**Problem statement:**
From the entries that follow, copy exactly the lines beginning at the line holding "# Model space" and continuing through the line holding "doc.linetypes.add('PDF_IMPORT', pattern=[1, 0.8, -0.2])".
BEGIN Provided information
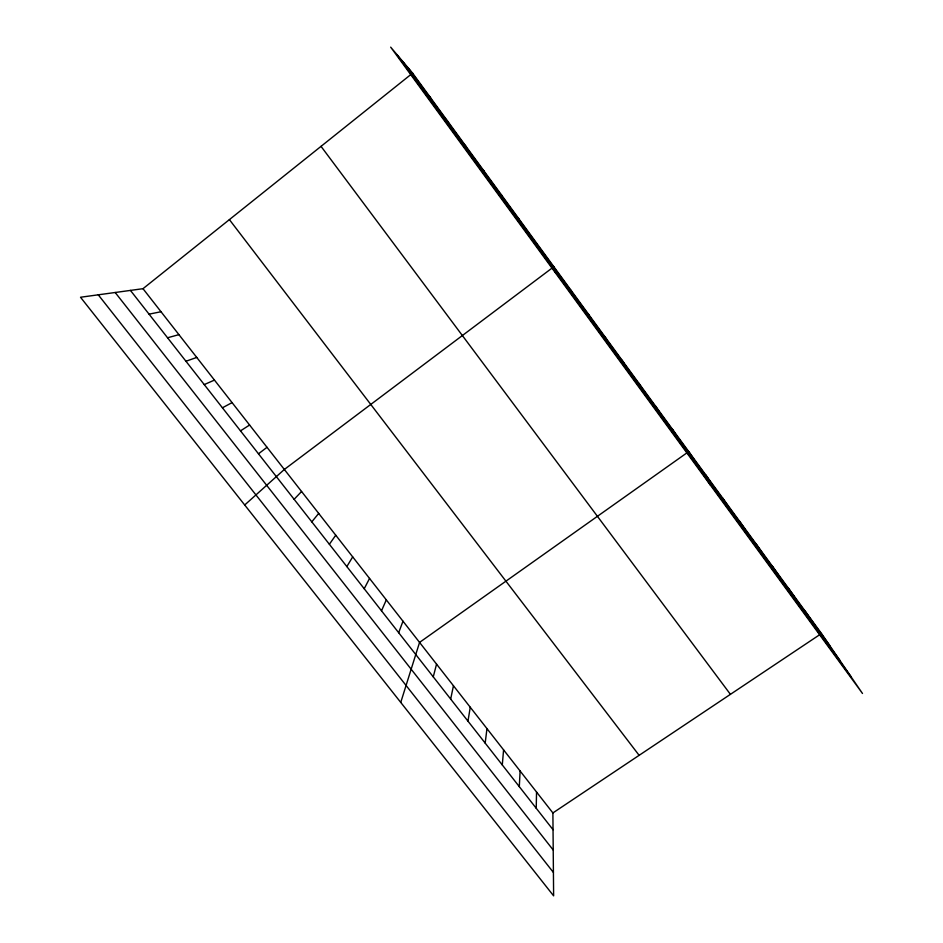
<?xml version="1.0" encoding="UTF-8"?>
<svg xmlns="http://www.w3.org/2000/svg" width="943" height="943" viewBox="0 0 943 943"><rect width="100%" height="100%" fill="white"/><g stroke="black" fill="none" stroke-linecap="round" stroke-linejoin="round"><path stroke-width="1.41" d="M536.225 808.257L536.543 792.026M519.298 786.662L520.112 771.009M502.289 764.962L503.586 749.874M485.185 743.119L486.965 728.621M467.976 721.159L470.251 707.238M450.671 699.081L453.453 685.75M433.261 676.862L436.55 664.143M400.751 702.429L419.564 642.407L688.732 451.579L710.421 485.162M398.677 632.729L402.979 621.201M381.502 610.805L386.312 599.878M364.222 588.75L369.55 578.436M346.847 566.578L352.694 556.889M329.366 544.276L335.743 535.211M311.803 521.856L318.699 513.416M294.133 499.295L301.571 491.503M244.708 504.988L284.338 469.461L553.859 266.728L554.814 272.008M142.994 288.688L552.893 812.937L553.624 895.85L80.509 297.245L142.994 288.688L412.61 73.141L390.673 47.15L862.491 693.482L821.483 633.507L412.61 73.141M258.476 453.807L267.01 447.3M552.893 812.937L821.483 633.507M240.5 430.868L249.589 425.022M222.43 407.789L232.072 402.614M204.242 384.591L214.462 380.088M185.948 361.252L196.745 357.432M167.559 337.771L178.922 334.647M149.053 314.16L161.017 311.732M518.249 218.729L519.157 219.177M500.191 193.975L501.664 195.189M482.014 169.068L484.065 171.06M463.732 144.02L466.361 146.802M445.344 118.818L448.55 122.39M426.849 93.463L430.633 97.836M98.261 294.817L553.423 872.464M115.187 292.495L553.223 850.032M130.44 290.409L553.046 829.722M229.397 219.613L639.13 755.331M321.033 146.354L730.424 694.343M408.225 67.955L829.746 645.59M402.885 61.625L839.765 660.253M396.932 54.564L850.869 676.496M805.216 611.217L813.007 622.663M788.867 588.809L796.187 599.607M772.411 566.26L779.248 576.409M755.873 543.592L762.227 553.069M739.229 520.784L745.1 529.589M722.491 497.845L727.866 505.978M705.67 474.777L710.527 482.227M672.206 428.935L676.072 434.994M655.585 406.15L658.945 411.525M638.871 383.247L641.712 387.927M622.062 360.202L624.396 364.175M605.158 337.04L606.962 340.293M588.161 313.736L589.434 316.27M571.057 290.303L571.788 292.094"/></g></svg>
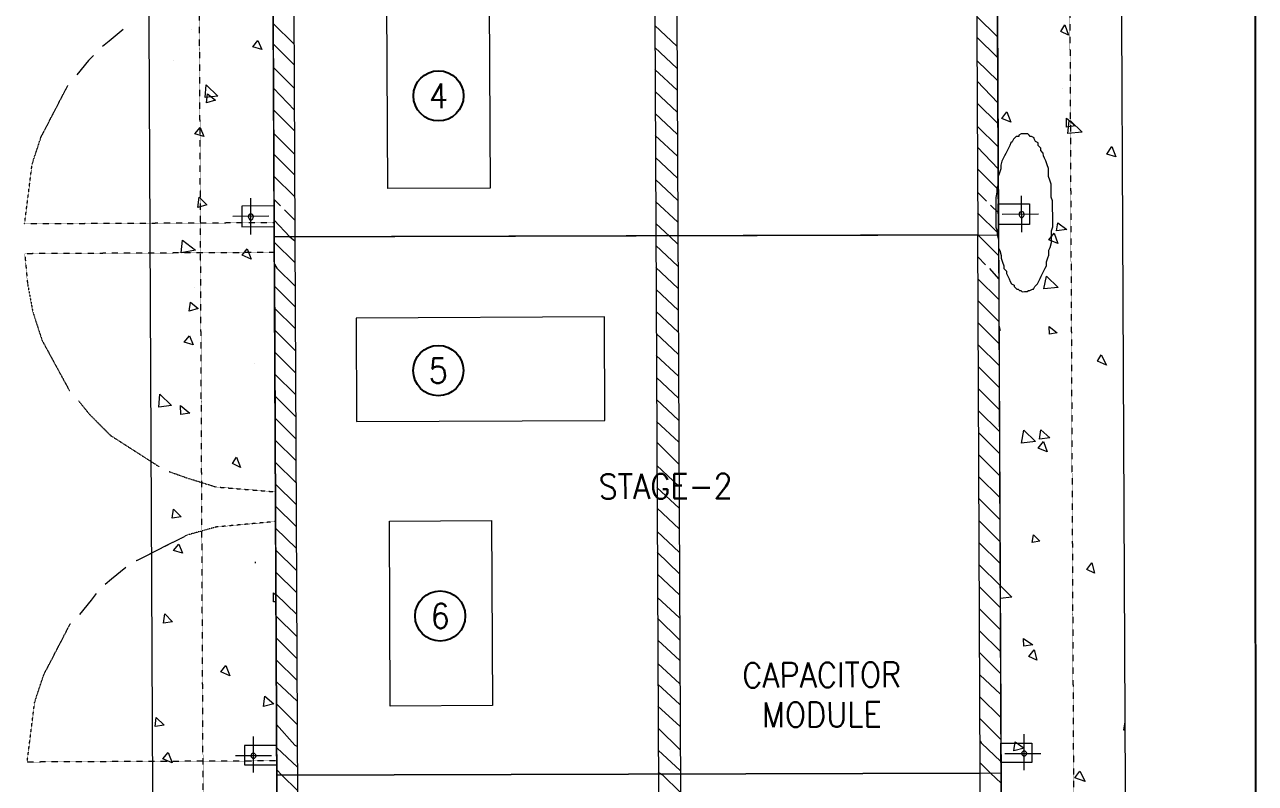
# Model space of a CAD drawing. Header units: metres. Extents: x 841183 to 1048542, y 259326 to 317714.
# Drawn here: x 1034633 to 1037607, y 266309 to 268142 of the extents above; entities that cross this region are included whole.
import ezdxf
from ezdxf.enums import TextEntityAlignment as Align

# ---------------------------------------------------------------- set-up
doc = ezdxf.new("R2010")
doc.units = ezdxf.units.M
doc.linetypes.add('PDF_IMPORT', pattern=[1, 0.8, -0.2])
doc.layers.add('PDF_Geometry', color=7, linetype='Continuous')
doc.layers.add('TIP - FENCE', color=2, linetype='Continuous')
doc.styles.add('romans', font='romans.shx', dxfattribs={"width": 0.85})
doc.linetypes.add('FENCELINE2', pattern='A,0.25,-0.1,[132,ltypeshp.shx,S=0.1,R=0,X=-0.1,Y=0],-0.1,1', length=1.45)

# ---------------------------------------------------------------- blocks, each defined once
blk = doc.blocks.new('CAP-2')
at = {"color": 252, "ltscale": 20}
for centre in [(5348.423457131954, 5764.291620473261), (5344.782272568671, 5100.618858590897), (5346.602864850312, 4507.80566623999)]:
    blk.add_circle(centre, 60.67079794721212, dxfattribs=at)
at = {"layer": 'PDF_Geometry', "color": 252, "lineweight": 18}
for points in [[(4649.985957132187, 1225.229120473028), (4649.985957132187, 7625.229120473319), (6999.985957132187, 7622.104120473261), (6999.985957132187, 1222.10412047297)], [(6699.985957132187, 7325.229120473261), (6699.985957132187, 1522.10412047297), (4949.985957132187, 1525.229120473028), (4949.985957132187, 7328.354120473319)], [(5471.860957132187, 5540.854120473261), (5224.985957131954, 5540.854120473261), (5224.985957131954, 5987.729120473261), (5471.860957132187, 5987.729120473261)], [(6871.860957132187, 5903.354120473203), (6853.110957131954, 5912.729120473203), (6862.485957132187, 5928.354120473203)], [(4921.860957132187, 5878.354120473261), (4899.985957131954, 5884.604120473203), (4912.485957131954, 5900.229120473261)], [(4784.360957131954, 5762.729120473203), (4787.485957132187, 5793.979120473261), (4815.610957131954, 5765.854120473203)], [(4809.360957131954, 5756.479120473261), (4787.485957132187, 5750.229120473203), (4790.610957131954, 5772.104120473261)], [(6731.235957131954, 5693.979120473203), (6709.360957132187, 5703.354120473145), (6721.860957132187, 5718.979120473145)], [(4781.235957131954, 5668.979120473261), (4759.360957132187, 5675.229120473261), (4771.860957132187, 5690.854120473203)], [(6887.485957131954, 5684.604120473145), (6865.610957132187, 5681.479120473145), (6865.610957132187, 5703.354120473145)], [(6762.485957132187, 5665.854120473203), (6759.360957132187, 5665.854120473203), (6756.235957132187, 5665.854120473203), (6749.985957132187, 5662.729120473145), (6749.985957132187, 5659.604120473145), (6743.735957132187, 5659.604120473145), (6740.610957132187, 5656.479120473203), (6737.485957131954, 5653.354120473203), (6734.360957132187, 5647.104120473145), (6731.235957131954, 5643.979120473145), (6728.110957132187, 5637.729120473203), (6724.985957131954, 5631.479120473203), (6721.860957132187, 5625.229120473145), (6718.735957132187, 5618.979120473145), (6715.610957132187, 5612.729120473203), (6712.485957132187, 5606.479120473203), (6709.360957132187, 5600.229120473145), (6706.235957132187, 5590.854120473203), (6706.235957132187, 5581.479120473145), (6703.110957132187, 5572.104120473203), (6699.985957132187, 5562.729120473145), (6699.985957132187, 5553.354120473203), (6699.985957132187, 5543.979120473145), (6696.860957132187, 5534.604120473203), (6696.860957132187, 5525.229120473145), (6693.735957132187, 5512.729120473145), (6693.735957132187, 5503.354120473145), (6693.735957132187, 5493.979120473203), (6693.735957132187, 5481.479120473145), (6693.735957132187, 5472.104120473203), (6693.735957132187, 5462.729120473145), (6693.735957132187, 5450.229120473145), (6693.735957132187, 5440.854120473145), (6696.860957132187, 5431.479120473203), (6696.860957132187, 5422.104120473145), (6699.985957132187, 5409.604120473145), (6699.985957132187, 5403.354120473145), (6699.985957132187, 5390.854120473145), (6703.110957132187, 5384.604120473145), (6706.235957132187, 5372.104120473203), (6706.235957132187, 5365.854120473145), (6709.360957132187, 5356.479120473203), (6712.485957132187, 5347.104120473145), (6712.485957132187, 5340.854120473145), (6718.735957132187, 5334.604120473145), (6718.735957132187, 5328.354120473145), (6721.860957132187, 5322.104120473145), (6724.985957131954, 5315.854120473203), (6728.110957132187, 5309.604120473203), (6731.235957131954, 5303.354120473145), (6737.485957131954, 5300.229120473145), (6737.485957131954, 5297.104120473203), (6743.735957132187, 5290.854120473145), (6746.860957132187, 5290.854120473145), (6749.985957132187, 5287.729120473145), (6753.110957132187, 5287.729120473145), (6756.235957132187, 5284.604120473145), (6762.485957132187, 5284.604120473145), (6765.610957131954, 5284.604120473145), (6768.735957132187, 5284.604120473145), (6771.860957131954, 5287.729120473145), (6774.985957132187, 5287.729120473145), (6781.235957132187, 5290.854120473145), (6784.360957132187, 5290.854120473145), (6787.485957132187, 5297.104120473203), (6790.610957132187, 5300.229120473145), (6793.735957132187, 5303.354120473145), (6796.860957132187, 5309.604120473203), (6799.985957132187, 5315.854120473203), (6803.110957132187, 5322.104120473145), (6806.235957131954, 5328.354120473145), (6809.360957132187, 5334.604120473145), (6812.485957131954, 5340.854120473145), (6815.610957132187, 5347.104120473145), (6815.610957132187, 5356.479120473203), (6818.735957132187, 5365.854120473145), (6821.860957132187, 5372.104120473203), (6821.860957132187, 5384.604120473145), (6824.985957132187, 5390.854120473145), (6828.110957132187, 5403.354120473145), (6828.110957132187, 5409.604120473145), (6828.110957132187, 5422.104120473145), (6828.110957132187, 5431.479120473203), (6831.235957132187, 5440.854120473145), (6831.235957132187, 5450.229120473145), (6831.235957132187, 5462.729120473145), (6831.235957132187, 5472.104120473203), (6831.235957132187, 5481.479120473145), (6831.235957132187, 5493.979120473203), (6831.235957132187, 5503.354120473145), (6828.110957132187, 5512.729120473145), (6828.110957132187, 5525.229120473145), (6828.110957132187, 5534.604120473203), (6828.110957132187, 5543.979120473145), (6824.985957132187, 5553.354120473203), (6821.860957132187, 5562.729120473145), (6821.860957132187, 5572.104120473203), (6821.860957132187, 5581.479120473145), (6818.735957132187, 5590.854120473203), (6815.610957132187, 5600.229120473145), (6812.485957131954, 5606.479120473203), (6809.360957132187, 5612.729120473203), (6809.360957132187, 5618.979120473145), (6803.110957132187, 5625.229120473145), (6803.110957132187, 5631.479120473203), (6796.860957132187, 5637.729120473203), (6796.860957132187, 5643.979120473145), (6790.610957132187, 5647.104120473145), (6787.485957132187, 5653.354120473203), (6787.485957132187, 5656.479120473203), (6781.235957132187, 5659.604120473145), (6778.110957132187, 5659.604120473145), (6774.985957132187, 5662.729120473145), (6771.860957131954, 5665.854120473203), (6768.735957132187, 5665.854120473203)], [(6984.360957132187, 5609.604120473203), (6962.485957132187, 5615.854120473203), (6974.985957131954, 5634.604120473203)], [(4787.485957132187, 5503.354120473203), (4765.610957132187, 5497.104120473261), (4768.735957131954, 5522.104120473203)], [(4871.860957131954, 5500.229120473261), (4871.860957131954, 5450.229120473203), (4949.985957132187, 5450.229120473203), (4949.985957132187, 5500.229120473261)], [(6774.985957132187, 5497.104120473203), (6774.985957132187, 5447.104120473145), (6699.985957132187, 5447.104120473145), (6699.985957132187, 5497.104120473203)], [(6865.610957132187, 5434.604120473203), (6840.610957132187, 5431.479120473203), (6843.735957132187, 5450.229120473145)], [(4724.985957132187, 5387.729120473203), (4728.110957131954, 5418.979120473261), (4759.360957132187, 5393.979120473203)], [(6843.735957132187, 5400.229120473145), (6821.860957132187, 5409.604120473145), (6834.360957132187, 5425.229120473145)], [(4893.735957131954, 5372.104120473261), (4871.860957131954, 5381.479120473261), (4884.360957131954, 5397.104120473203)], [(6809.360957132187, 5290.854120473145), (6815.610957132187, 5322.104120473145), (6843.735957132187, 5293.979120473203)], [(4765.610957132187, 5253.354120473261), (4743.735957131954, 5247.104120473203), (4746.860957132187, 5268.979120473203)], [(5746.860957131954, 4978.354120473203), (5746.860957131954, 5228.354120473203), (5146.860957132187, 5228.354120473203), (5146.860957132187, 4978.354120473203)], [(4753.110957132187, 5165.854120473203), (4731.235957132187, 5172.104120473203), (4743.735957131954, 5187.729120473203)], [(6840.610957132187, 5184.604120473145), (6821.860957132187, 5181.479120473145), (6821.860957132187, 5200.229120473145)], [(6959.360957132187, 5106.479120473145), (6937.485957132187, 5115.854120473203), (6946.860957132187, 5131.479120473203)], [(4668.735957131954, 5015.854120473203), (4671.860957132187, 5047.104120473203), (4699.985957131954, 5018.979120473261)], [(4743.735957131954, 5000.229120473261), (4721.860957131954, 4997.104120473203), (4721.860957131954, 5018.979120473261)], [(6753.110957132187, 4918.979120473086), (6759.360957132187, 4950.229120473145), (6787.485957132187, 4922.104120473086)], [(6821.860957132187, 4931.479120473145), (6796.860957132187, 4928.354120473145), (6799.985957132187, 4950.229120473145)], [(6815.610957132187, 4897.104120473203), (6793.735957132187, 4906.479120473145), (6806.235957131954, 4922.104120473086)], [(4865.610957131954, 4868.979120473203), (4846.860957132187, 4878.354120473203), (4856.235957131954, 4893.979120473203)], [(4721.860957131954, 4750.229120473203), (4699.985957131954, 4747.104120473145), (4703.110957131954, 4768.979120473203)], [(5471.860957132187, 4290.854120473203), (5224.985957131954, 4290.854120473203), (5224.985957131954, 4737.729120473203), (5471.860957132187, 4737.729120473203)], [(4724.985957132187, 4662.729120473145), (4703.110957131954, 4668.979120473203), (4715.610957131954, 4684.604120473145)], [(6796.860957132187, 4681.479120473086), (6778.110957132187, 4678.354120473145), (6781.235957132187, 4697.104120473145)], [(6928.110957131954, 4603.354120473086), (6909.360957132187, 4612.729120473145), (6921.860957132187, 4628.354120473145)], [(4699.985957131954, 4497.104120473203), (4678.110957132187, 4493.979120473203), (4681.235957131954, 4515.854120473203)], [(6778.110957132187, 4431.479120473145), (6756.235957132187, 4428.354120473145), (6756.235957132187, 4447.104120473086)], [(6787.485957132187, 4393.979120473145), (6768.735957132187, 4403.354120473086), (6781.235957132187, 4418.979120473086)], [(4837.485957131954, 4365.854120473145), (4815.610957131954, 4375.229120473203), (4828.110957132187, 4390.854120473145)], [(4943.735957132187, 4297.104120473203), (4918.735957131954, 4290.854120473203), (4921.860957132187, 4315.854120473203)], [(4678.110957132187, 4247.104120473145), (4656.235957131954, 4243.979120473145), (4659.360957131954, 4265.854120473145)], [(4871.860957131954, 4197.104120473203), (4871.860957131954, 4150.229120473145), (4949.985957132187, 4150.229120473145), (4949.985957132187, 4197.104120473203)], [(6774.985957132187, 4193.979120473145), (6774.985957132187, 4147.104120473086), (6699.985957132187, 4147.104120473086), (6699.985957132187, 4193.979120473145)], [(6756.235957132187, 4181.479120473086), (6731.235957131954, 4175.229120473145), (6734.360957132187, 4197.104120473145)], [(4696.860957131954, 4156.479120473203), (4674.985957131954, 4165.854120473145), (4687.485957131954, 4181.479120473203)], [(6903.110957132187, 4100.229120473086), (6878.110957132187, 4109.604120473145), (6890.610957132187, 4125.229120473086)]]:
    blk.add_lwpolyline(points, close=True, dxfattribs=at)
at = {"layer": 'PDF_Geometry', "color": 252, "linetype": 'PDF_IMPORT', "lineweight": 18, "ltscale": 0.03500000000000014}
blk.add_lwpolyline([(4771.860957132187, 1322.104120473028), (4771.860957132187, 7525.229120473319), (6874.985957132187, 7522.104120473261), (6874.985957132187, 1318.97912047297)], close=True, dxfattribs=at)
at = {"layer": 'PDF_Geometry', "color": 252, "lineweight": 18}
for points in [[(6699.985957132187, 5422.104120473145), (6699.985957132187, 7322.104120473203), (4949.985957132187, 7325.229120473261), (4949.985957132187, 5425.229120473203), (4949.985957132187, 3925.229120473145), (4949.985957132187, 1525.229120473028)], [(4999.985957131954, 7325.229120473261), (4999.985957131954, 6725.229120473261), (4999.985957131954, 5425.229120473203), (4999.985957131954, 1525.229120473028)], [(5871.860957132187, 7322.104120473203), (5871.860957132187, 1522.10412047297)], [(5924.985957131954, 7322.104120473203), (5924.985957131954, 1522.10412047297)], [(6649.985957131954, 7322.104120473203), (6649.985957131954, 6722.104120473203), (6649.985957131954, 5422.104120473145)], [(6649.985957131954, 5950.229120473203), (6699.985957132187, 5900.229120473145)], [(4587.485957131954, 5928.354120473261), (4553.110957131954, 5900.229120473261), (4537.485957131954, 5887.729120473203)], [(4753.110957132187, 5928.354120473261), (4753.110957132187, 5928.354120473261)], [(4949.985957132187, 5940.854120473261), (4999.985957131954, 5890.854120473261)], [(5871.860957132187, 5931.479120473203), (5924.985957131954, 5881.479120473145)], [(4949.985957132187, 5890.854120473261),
END Provided information
**Response to the task:**
# Model space of a CAD drawing. Header units: metres. Extents: x 841183 to 1048542, y 259326 to 317714.
# Drawn here: x 1034633 to 1037607, y 266309 to 268142 of the extents above; entities that cross this region are included whole.
import ezdxf
from ezdxf.enums import TextEntityAlignment as Align

# ---------------------------------------------------------------- set-up
doc = ezdxf.new("R2010")
doc.units = ezdxf.units.M
doc.linetypes.add('PDF_IMPORT', pattern=[1, 0.8, -0.2])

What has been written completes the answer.